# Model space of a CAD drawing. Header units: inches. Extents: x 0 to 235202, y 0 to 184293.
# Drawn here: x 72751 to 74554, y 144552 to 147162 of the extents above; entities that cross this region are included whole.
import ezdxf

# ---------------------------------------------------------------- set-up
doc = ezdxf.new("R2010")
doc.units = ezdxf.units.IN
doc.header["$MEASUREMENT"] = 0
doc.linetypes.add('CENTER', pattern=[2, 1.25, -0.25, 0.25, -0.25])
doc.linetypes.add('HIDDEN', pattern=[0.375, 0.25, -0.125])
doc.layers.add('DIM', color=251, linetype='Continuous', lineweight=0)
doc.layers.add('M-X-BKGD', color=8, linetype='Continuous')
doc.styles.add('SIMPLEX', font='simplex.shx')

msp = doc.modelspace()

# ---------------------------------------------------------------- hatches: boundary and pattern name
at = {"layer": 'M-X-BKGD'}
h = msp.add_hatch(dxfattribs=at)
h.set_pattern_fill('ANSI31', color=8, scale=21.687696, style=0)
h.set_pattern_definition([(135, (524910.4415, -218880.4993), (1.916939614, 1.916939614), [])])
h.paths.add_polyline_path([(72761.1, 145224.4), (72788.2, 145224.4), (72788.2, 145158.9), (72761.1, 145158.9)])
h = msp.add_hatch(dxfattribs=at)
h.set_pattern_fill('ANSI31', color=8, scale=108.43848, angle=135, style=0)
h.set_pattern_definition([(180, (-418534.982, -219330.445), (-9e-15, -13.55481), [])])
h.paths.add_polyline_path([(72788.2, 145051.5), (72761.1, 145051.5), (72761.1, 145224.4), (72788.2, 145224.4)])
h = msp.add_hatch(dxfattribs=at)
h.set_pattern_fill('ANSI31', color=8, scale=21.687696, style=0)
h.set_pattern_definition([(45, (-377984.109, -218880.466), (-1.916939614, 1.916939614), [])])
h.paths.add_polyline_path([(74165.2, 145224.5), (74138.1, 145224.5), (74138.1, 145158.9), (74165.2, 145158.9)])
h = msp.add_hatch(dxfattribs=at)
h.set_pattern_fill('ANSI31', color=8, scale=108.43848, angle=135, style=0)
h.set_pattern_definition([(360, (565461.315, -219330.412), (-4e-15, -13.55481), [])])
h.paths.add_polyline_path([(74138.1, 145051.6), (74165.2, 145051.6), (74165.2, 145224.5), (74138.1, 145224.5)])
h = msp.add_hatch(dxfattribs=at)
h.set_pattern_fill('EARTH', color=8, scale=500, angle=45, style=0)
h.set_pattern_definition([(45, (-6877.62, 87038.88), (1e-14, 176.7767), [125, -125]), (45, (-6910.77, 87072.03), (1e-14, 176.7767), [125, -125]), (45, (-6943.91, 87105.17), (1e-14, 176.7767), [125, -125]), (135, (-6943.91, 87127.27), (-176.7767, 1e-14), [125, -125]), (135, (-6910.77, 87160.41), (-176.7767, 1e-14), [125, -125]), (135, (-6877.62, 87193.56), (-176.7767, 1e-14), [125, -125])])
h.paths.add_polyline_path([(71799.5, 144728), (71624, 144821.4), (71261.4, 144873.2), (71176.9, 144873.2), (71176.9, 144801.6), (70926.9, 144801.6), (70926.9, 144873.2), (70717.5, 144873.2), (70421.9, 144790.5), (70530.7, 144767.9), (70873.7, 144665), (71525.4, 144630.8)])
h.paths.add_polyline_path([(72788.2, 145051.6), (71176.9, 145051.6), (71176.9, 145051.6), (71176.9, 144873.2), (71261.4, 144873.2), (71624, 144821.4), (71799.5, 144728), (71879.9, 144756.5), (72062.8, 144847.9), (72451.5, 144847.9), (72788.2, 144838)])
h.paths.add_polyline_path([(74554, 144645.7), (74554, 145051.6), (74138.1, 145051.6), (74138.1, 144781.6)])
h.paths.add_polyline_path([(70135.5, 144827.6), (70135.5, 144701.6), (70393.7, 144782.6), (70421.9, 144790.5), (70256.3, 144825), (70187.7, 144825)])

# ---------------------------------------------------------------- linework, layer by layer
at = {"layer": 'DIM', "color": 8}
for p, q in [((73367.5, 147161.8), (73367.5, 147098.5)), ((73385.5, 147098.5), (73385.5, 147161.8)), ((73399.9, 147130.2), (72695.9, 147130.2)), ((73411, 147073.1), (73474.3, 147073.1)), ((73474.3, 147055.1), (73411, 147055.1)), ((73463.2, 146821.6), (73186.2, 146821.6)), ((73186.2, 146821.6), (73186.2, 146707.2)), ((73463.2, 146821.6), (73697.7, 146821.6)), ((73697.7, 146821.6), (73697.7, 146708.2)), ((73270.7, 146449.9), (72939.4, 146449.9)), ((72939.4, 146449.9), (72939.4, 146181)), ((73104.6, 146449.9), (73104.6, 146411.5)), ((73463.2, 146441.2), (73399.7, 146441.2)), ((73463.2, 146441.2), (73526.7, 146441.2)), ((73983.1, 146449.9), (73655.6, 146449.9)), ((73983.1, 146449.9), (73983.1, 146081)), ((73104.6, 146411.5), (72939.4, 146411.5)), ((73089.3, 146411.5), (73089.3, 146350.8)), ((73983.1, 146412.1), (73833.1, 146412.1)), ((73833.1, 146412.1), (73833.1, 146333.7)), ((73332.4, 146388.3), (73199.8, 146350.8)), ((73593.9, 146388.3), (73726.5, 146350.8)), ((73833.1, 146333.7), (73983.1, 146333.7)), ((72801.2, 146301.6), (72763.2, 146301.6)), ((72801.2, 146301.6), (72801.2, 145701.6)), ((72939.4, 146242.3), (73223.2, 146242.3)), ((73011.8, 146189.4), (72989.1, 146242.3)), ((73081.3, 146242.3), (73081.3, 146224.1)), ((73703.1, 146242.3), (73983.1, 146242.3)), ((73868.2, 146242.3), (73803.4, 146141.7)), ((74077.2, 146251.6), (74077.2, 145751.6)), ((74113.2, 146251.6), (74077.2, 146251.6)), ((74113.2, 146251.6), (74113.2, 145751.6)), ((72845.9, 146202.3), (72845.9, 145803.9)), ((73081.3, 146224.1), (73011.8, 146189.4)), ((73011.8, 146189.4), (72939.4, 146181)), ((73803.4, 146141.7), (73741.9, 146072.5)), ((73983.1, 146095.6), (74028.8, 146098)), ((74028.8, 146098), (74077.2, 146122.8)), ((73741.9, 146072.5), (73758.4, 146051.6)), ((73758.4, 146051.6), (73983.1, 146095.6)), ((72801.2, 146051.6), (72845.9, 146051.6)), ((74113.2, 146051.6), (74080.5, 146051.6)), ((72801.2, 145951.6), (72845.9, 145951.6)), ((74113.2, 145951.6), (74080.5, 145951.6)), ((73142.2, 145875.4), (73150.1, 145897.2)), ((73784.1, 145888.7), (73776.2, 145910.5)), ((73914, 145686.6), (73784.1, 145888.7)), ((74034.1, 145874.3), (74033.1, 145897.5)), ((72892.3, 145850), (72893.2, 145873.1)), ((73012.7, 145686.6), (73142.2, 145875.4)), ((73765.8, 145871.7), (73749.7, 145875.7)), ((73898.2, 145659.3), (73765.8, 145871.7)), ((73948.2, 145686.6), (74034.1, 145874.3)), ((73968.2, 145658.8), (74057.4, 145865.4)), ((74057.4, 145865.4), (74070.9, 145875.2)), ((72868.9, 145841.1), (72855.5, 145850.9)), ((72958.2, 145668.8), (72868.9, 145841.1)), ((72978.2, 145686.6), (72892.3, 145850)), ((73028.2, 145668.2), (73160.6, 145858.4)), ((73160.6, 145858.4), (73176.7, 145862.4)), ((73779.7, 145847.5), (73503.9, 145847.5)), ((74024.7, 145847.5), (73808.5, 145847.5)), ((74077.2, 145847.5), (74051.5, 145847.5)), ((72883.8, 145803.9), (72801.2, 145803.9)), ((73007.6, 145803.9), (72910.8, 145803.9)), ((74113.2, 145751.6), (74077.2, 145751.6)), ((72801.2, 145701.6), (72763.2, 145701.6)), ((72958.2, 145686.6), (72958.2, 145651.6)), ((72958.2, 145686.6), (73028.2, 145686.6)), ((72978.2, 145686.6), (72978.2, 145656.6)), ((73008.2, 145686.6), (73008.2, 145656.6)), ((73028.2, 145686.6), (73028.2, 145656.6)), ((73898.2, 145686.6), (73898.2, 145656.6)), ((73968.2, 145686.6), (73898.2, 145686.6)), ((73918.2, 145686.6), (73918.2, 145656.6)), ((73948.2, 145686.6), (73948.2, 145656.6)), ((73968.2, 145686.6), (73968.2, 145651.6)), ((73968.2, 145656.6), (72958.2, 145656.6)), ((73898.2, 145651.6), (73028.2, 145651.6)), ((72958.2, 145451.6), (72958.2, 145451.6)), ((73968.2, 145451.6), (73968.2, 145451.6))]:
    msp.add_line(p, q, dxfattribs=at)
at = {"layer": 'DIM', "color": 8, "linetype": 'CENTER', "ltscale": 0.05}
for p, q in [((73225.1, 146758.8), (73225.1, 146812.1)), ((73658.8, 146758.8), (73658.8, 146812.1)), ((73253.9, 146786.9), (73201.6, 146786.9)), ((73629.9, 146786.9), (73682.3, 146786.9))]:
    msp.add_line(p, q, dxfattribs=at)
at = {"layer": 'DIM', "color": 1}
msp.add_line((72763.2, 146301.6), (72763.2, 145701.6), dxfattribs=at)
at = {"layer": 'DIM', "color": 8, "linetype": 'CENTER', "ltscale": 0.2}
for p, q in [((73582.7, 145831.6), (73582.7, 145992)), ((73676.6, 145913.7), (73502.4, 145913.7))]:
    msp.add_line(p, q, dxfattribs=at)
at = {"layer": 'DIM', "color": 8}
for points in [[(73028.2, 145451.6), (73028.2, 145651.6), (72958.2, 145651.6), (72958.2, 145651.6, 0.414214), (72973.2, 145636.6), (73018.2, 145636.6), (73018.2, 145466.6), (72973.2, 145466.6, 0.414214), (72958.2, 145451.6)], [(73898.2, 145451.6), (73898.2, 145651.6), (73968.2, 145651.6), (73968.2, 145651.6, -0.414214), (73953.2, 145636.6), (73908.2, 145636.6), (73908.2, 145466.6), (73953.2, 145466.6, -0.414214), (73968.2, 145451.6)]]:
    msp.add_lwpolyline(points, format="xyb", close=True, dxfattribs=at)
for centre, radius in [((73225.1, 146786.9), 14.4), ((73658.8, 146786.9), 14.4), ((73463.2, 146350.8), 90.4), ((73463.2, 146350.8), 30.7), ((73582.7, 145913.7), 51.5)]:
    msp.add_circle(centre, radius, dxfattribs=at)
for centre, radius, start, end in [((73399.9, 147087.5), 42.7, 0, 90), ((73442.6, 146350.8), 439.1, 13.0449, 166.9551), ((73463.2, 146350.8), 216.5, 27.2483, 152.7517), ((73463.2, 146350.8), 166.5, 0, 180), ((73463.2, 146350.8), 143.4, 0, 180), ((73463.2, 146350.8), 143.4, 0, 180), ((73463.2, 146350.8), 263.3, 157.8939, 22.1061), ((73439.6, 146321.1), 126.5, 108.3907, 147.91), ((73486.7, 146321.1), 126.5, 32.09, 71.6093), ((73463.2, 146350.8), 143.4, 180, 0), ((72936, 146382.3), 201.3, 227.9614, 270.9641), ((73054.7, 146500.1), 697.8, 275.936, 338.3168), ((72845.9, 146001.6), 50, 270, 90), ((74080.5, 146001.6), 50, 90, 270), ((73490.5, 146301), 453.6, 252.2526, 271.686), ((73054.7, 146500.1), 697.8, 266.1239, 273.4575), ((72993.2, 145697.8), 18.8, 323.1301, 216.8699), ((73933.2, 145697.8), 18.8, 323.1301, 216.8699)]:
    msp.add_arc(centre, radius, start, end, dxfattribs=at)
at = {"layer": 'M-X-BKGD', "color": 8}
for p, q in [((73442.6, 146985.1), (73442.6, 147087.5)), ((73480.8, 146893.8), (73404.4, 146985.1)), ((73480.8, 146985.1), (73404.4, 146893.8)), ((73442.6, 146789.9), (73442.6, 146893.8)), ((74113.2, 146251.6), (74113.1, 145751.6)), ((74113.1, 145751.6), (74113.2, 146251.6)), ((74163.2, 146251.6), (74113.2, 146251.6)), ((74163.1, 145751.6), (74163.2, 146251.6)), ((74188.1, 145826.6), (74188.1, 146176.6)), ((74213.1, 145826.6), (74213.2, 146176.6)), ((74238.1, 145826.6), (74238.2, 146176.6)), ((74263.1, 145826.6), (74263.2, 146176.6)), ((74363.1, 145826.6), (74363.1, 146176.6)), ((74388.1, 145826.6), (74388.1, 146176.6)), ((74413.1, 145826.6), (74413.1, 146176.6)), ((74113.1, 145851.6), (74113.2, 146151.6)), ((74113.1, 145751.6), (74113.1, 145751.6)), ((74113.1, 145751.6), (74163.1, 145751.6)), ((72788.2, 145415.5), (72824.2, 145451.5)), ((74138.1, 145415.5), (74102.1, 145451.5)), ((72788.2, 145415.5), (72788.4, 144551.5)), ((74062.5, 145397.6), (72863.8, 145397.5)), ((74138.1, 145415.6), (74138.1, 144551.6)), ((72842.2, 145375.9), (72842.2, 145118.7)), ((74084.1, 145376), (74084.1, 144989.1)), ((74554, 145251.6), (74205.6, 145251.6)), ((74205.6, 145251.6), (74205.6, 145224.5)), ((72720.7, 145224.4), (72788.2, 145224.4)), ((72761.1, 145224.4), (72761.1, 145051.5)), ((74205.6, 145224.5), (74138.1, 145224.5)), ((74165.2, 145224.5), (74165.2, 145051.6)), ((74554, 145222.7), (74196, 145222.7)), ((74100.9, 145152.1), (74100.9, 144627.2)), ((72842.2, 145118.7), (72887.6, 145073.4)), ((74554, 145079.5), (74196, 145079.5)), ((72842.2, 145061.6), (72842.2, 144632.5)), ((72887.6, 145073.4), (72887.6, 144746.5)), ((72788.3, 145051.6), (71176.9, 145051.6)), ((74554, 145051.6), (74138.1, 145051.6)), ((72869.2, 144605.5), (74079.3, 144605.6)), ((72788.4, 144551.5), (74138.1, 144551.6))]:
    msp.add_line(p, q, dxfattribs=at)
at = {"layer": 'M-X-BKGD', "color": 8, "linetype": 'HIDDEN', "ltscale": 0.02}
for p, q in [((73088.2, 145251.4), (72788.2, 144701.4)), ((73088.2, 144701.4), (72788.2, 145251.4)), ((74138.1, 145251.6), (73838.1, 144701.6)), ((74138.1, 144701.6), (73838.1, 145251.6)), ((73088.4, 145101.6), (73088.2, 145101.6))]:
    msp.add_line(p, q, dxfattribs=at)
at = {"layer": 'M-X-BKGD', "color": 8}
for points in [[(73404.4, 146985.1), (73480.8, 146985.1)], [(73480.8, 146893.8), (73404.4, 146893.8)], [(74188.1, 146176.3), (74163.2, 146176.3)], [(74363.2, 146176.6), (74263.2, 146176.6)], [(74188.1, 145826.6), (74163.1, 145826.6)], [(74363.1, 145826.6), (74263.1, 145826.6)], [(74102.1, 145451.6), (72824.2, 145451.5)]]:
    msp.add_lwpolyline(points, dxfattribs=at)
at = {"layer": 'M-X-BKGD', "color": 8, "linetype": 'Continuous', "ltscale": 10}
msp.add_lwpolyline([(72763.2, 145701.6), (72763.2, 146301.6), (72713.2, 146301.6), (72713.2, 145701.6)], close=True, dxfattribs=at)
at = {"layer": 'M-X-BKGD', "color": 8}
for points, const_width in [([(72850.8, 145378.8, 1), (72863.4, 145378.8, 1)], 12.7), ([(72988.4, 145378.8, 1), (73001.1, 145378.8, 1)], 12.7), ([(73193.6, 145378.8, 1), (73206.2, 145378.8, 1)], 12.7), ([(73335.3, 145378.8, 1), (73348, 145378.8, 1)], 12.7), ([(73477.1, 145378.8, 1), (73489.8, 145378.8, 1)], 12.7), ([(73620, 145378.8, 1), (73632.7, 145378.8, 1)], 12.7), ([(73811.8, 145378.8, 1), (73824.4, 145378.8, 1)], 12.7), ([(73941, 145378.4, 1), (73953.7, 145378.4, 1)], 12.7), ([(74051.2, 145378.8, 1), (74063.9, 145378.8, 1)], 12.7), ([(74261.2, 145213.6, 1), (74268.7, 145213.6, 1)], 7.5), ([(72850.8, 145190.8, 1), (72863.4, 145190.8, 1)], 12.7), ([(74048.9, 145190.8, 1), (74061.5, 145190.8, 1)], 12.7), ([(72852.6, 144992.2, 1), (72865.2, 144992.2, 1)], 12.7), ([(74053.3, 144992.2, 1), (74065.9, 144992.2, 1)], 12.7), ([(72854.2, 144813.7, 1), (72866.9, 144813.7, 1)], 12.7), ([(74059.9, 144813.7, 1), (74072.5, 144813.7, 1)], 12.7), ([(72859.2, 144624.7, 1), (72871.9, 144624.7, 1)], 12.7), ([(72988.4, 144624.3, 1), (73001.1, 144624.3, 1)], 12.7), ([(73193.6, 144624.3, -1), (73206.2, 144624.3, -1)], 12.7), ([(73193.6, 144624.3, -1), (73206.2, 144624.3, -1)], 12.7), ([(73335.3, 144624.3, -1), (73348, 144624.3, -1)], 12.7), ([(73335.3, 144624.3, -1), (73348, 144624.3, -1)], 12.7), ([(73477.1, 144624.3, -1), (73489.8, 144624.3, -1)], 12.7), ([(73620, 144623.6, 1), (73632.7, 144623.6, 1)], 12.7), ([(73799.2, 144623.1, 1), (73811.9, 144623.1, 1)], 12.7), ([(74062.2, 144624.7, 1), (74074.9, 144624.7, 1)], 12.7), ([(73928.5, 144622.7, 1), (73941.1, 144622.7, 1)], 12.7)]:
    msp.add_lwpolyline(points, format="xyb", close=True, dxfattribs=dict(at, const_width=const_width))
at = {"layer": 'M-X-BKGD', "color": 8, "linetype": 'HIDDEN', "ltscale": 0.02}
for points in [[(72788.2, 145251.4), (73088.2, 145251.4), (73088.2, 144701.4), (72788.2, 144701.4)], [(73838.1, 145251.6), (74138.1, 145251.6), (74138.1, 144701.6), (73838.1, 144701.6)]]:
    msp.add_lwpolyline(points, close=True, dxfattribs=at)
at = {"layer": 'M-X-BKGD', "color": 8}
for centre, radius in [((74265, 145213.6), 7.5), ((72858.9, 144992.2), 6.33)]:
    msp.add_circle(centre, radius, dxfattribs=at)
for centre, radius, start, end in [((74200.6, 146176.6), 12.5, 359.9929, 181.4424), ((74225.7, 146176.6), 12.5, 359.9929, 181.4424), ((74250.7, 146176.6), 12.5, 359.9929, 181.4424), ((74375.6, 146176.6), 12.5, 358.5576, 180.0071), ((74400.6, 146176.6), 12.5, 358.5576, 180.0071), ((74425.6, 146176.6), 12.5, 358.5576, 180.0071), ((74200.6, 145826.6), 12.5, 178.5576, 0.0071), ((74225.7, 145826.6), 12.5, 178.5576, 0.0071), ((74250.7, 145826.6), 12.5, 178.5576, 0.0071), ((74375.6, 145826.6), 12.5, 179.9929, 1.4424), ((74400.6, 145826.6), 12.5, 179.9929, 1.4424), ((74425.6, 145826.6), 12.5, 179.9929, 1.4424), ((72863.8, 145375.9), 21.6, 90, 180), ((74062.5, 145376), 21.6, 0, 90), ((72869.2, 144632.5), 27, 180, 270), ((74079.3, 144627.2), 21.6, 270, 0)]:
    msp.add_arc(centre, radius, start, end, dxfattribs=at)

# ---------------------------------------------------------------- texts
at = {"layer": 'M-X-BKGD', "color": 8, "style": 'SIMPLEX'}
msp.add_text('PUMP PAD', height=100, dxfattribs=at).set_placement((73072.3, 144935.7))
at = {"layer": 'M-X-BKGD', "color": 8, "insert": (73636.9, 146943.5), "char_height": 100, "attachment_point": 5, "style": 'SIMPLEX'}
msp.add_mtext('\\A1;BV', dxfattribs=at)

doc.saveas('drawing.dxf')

### Exercise
Scan the material above for lines holding "paths" and copy each of them.

### Solution
h.paths.add_polyline_path([(72761.1, 145224.4), (72788.2, 145224.4), (72788.2, 145158.9), (72761.1, 145158.9)])
h.paths.add_polyline_path([(72788.2, 145051.5), (72761.1, 145051.5), (72761.1, 145224.4), (72788.2, 145224.4)])
h.paths.add_polyline_path([(74165.2, 145224.5), (74138.1, 145224.5), (74138.1, 145158.9), (74165.2, 145158.9)])
h.paths.add_polyline_path([(74138.1, 145051.6), (74165.2, 145051.6), (74165.2, 145224.5), (74138.1, 145224.5)])
h.paths.add_polyline_path([(71799.5, 144728), (71624, 144821.4), (71261.4, 144873.2), (71176.9, 144873.2), (71176.9, 144801.6), (70926.9, 144801.6), (70926.9, 144873.2), (70717.5, 144873.2), (70421.9, 144790.5), (70530.7, 144767.9), (70873.7, 144665), (71525.4, 144630.8)])
h.paths.add_polyline_path([(72788.2, 145051.6), (71176.9, 145051.6), (71176.9, 145051.6), (71176.9, 144873.2), (71261.4, 144873.2), (71624, 144821.4), (71799.5, 144728), (71879.9, 144756.5), (72062.8, 144847.9), (72451.5, 144847.9), (72788.2, 144838)])
h.paths.add_polyline_path([(74554, 144645.7), (74554, 145051.6), (74138.1, 145051.6), (74138.1, 144781.6)])
h.paths.add_polyline_path([(70135.5, 144827.6), (70135.5, 144701.6), (70393.7, 144782.6), (70421.9, 144790.5), (70256.3, 144825), (70187.7, 144825)])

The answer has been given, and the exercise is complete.